В другой раз Герцберг говорил:
— Если бы положились на нас, то Крым и Очаков были бы ваши.
Екатерина на донесения Нессельроде об этом ответила на полях: «Зазнались совершенно».
Потемкину она написала:
«Каковы цесарцы (то есть австрийцы) ни были бы и какова ни есть от них тягость, но оная будет несравненно менее всегда, нежели прусская, которая сопряжена со всем тем, что в свете может быть придумано поносным и несносным. Мы пруссаков ласкаем, но каково на сердце терпеть их грубости и ругательством наполненные слова и дела! »
В одной тогдашней записке императрицы находятся строки:
«Молю Всевышнего, да отмстит пруссаку гордость. В 1762 году я его дядюшке возвратила Пруссию и часть Нормандии, что не исчезнет в моей памяти. Не забуду и то, что двух наших союзников он же привел в недействие, что со врагами нашими заключил союз, что шведам давал денег и что с нами имел грубые и неприлично повелительные переписки. Будет на нашу улицу праздник авось либо».
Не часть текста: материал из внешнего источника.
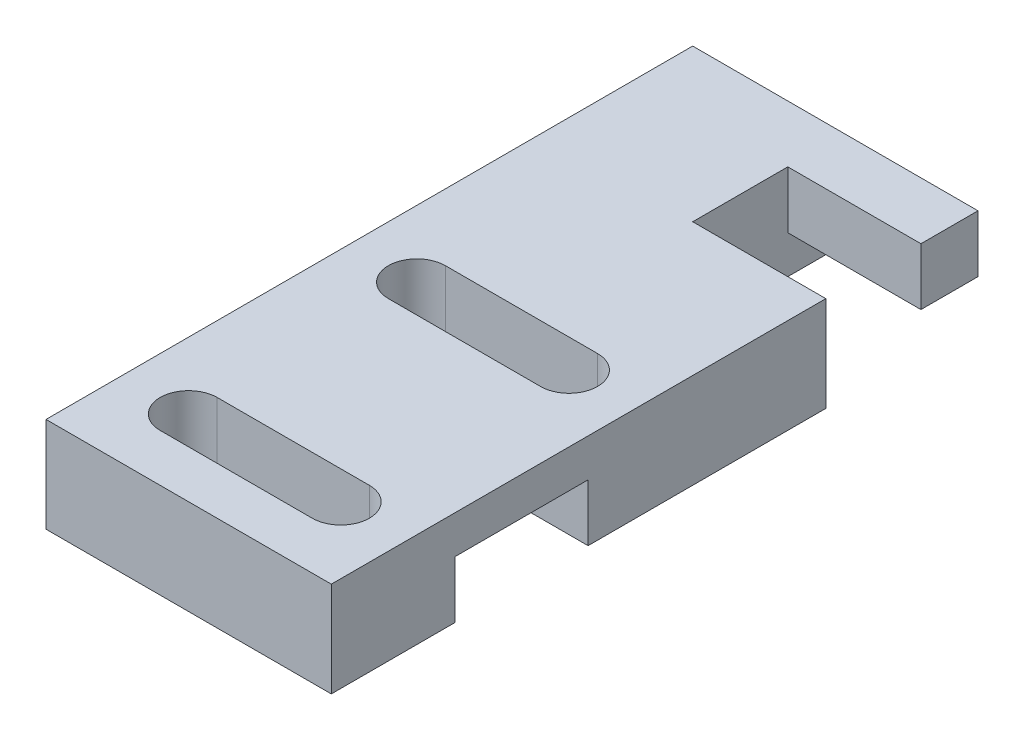
ISO-10303-21;
HEADER;
FILE_DESCRIPTION(('STEP AP214'),'2;1');
FILE_NAME('part.step','',(''),(''),'','','');
FILE_SCHEMA(('AUTOMOTIVE_DESIGN { 1 0 10303 214 1 1 1 1 }'));
ENDSEC;
DATA;
#1=APPLICATION_CONTEXT('core data for automotive mechanical design processes');
#2=APPLICATION_PROTOCOL_DEFINITION('international standard','automotive_design',2000,#1);
#3=PRODUCT_CONTEXT('',#1,'mechanical');
#4=PRODUCT('Part','Part','',(#3));
#5=PRODUCT_RELATED_PRODUCT_CATEGORY('part','',(#4));
#6=PRODUCT_DEFINITION_FORMATION('','',#4);
#7=PRODUCT_DEFINITION_CONTEXT('part definition',#1,'design');
#8=PRODUCT_DEFINITION('design','',#6,#7);
#9=PRODUCT_DEFINITION_SHAPE('','',#8);
#10=(LENGTH_UNIT() NAMED_UNIT(*) SI_UNIT(.MILLI.,.METRE.));
#11=(NAMED_UNIT(*) PLANE_ANGLE_UNIT() SI_UNIT($,.RADIAN.));
#12=(NAMED_UNIT(*) SI_UNIT($,.STERADIAN.) SOLID_ANGLE_UNIT());
#13=UNCERTAINTY_MEASURE_WITH_UNIT(LENGTH_MEASURE(1.E-05),#10,'distance_accuracy_value','');
#14=(GEOMETRIC_REPRESENTATION_CONTEXT(3) GLOBAL_UNCERTAINTY_ASSIGNED_CONTEXT((#13)) GLOBAL_UNIT_ASSIGNED_CONTEXT((#10,
#11,#12)) REPRESENTATION_CONTEXT('',''));
#15=CARTESIAN_POINT('',(0.,0.,0.));
#16=DIRECTION('',(0.,0.,1.));
#17=DIRECTION('',(1.,0.,0.));
#18=AXIS2_PLACEMENT_3D('',#15,#16,#17);
#19=CARTESIAN_POINT('',(0.,0.,0.));
#20=DIRECTION('',(0.,1.,0.));
#21=DIRECTION('',(0.,0.,1.));
#22=AXIS2_PLACEMENT_3D('',#19,#20,#21);
#23=PLANE('',#22);
#24=CARTESIAN_POINT('',(11.5,0.,-16.));
#25=DIRECTION('',(0.,1.,0.));
#26=DIRECTION('',(0.,0.,1.));
#27=AXIS2_PLACEMENT_3D('',#24,#25,#26);
#28=CIRCLE('',#27,1.5);
#29=CARTESIAN_POINT('',(11.5,0.,-14.5));
#30=VERTEX_POINT('',#29);
#31=CARTESIAN_POINT('',(11.5,0.,-17.5));
#32=VERTEX_POINT('',#31);
#33=EDGE_CURVE('E265',#30,#32,#28,.T.);
#34=ORIENTED_EDGE('',*,*,#33,.T.);
#35=DIRECTION('',(1.,0.,0.));
#36=VECTOR('',#35,1.);
#37=CARTESIAN_POINT('',(0.,0.,-17.5));
#38=LINE('',#37,#36);
#39=CARTESIAN_POINT('',(3.5,0.,-17.5));
#40=VERTEX_POINT('',#39);
#41=EDGE_CURVE('E279',#40,#32,#38,.T.);
#42=ORIENTED_EDGE('',*,*,#41,.F.);
#43=CARTESIAN_POINT('',(3.5,0.,-16.));
#44=DIRECTION('',(0.,1.,0.));
#45=DIRECTION('',(0.,0.,1.));
#46=AXIS2_PLACEMENT_3D('',#43,#44,#45);
#47=CIRCLE('',#46,1.5);
#48=CARTESIAN_POINT('',(3.5,0.,-14.5));
#49=VERTEX_POINT('',#48);
#50=EDGE_CURVE('E275',#40,#49,#47,.T.);
#51=ORIENTED_EDGE('',*,*,#50,.T.);
#52=DIRECTION('',(1.,0.,0.));
#53=VECTOR('',#52,1.);
#54=CARTESIAN_POINT('',(0.,0.,-14.5));
#55=LINE('',#54,#53);
#56=EDGE_CURVE('E257',#49,#30,#55,.T.);
#57=ORIENTED_EDGE('',*,*,#56,.T.);
#58=EDGE_LOOP('',(#34,#42,#51,#57));
#59=FACE_BOUND('',#58,.T.);
#60=DIRECTION('',(1.,0.,0.));
#61=VECTOR('',#60,1.);
#62=CARTESIAN_POINT('',(0.,0.,-34.));
#63=LINE('',#62,#61);
#64=CARTESIAN_POINT('',(0.,0.,-34.));
#65=VERTEX_POINT('',#64);
#66=CARTESIAN_POINT('',(8.,0.,-34.));
#67=VERTEX_POINT('',#66);
#68=EDGE_CURVE('E307',#65,#67,#63,.T.);
#69=ORIENTED_EDGE('',*,*,#68,.T.);
#70=DIRECTION('',(0.,0.,1.));
#71=VECTOR('',#70,1.);
#72=CARTESIAN_POINT('',(8.00000000000001,0.,0.));
#73=LINE('',#72,#71);
#74=CARTESIAN_POINT('',(8.,0.,-26.));
#75=VERTEX_POINT('',#74);
#76=EDGE_CURVE('E57',#67,#75,#73,.T.);
#77=ORIENTED_EDGE('',*,*,#76,.T.);
#78=DIRECTION('',(1.,0.,0.));
#79=VECTOR('',#78,1.);
#80=CARTESIAN_POINT('',(0.,0.,-26.));
#81=LINE('',#80,#79);
#82=CARTESIAN_POINT('',(15.,0.,-26.));
#83=VERTEX_POINT('',#82);
#84=EDGE_CURVE('E301',#75,#83,#81,.T.);
#85=ORIENTED_EDGE('',*,*,#84,.T.);
#86=DIRECTION('',(0.,0.,1.));
#87=VECTOR('',#86,1.);
#88=CARTESIAN_POINT('',(15.,0.,0.));
#89=LINE('',#88,#87);
#90=CARTESIAN_POINT('',(15.,0.,-13.5));
#91=VERTEX_POINT('',#90);
#92=EDGE_CURVE('E311',#83,#91,#89,.T.);
#93=ORIENTED_EDGE('',*,*,#92,.T.);
#94=DIRECTION('',(-1.,0.,0.));
#95=VECTOR('',#94,1.);
#96=CARTESIAN_POINT('',(15.,0.,-13.5));
#97=LINE('',#96,#95);
#98=CARTESIAN_POINT('',(0.,0.,-13.5));
#99=VERTEX_POINT('',#98);
#100=EDGE_CURVE('E407',#91,#99,#97,.T.);
#101=ORIENTED_EDGE('',*,*,#100,.T.);
#102=DIRECTION('',(0.,0.,-1.));
#103=VECTOR('',#102,1.);
#104=CARTESIAN_POINT('',(0.,0.,0.));
#105=LINE('',#104,#103);
#106=EDGE_CURVE('E315',#99,#65,#105,.T.);
#107=ORIENTED_EDGE('',*,*,#106,.T.);
#108=EDGE_LOOP('',(#69,#77,#85,#93,#101,#107));
#109=FACE_BOUND('',#108,.T.);
#110=ADVANCED_FACE('F41',(#59,#109),#23,.F.);
#111=CARTESIAN_POINT('',(0.,5.,-31.));
#112=DIRECTION('',(0.,0.,1.));
#113=DIRECTION('',(1.,0.,0.));
#114=AXIS2_PLACEMENT_3D('',#111,#112,#113);
#115=PLANE('',#114);
#116=DIRECTION('',(0.,-1.,0.));
#117=VECTOR('',#116,1.);
#118=CARTESIAN_POINT('',(8.,5.,-31.));
#119=LINE('',#118,#117);
#120=CARTESIAN_POINT('',(8.,5.,-31.));
#121=VERTEX_POINT('',#120);
#122=CARTESIAN_POINT('',(8.,2.,-31.));
#123=VERTEX_POINT('',#122);
#124=EDGE_CURVE('E216',#121,#123,#119,.T.);
#125=ORIENTED_EDGE('',*,*,#124,.T.);
#126=DIRECTION('',(-1.,0.,0.));
#127=VECTOR('',#126,1.);
#128=CARTESIAN_POINT('',(24.,2.,-31.));
#129=LINE('',#128,#127);
#130=CARTESIAN_POINT('',(15.,2.,-31.));
#131=VERTEX_POINT('',#130);
#132=EDGE_CURVE('E197',#131,#123,#129,.T.);
#133=ORIENTED_EDGE('',*,*,#132,.F.);
#134=DIRECTION('',(0.,-1.,0.));
#135=VECTOR('',#134,1.);
#136=CARTESIAN_POINT('',(15.,5.,-31.));
#137=LINE('',#136,#135);
#138=CARTESIAN_POINT('',(15.,5.,-31.));
#139=VERTEX_POINT('',#138);
#140=EDGE_CURVE('E210',#139,#131,#137,.T.);
#141=ORIENTED_EDGE('',*,*,#140,.F.);
#142=DIRECTION('',(-1.,0.,0.));
#143=VECTOR('',#142,1.);
#144=CARTESIAN_POINT('',(0.,5.,-31.));
#145=LINE('',#144,#143);
#146=EDGE_CURVE('E368',#139,#121,#145,.T.);
#147=ORIENTED_EDGE('',*,*,#146,.T.);
#148=EDGE_LOOP('',(#125,#133,#141,#147));
#149=FACE_BOUND('',#148,.T.);
#150=ADVANCED_FACE('F442',(#149),#115,.T.);
#151=CARTESIAN_POINT('',(15.,5.,0.));
#152=DIRECTION('',(1.,0.,0.));
#153=DIRECTION('',(0.,0.,-1.));
#154=AXIS2_PLACEMENT_3D('',#151,#152,#153);
#155=PLANE('',#154);
#156=ORIENTED_EDGE('',*,*,#140,.T.);
#157=DIRECTION('',(0.,0.,-1.));
#158=VECTOR('',#157,1.);
#159=CARTESIAN_POINT('',(15.,2.,0.));
#160=LINE('',#159,#158);
#161=CARTESIAN_POINT('',(15.,2.,-34.));
#162=VERTEX_POINT('',#161);
#163=EDGE_CURVE('E429',#131,#162,#160,.T.);
#164=ORIENTED_EDGE('',*,*,#163,.T.);
#165=DIRECTION('',(0.,-1.,0.));
#166=VECTOR('',#165,1.);
#167=CARTESIAN_POINT('',(15.,5.,-34.));
#168=LINE('',#167,#166);
#169=CARTESIAN_POINT('',(15.,5.,-34.));
#170=VERTEX_POINT('',#169);
#171=EDGE_CURVE('E203',#170,#162,#168,.T.);
#172=ORIENTED_EDGE('',*,*,#171,.F.);
#173=DIRECTION('',(0.,0.,1.));
#174=VECTOR('',#173,1.);
#175=CARTESIAN_POINT('',(15.,5.,0.));
#176=LINE('',#175,#174);
#177=EDGE_CURVE('E362',#170,#139,#176,.T.);
#178=ORIENTED_EDGE('',*,*,#177,.T.);
#179=EDGE_LOOP('',(#156,#164,#172,#178));
#180=FACE_BOUND('',#179,.T.);
#181=ADVANCED_FACE('F440',(#180),#155,.T.);
#182=CARTESIAN_POINT('',(0.,5.,-34.));
#183=DIRECTION('',(0.,0.,-1.));
#184=DIRECTION('',(-1.,0.,0.));
#185=AXIS2_PLACEMENT_3D('',#182,#183,#184);
#186=PLANE('',#185);
#187=ORIENTED_EDGE('',*,*,#171,.T.);
#188=DIRECTION('',(-1.,0.,0.));
#189=VECTOR('',#188,1.);
#190=CARTESIAN_POINT('',(0.,2.,-34.));
#191=LINE('',#190,#189);
#192=CARTESIAN_POINT('',(8.,2.,-34.));
#193=VERTEX_POINT('',#192);
#194=EDGE_CURVE('E11',#162,#193,#191,.T.);
#195=ORIENTED_EDGE('',*,*,#194,.T.);
#196=DIRECTION('',(0.,1.,0.));
#197=VECTOR('',#196,1.);
#198=CARTESIAN_POINT('',(8.,2.,-34.));
#199=LINE('',#198,#197);
#200=EDGE_CURVE('E183',#67,#193,#199,.T.);
#201=ORIENTED_EDGE('',*,*,#200,.F.);
#202=ORIENTED_EDGE('',*,*,#68,.F.);
#203=DIRECTION('',(0.,-1.,0.));
#204=VECTOR('',#203,1.);
#205=CARTESIAN_POINT('',(0.,5.,-34.));
#206=LINE('',#205,#204);
#207=CARTESIAN_POINT('',(0.,5.,-34.));
#208=VERTEX_POINT('',#207);
#209=EDGE_CURVE('E211',#208,#65,#206,.T.);
#210=ORIENTED_EDGE('',*,*,#209,.F.);
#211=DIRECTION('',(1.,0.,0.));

Союзник Екатерины, Иосиф II, скончался 9 февраля 1790 года. Государыня считала это событие тяжелым ударом для себя. Леопольд II, брат Иосифа и его преемник на австрийском престоле, не разделял чувство своего предшественника к России, и с его воцарением нам приходилось надеяться исключительно на свои силы. Опасность со стороны Пруссии и Польши заставила Россию держать против турок лишь самое необходимое количество войск, а большую часть их иметь наготове против нового, более серьезного врага. Против Польши и Пруссии было выставлено нами тридцать шесть тысяч, составлявших так называемый «кор д'арме», или главный корпус, под начальством князя Репнина. Против же турок действовало всего два корпуса: один — под начальством графа Суворова Рымникского (около двенадцати тысяч человек) и другой — Меллер-Закомельского, в девять тысяч. Всеми силами командовал генерал-фельдмаршал князь Потемкин Таврический.
Побуждаемая Пруссией Порта напрягла все усилия для ведения войны. Султан Селим, его родственники и все знатные турки отдали свое серебро на чеканку монеты, все мужчины от двадцати— до тридцатилетнего возраста призывались под знамена.
План турок состоял в том, чтобы открыть наступление на Кавказ сорокатысячным корпусом трехбунчужного паши, сделать сильный десант в Крыму с помощью флота в сорок линейных кораблей, а на Дунае ограничиться оборонительными действиями. Для этого дунайские крепости Килия, Исакча, Тульча и Браилов были заняты сильными гарнизонами. В Измаиле же, самом укрепленном оплоте турок на Дунае, была сосредоточена целая армия в тридцать тысяч человек под начальством прославленного своею храбростью престарелого Мехмета-паши.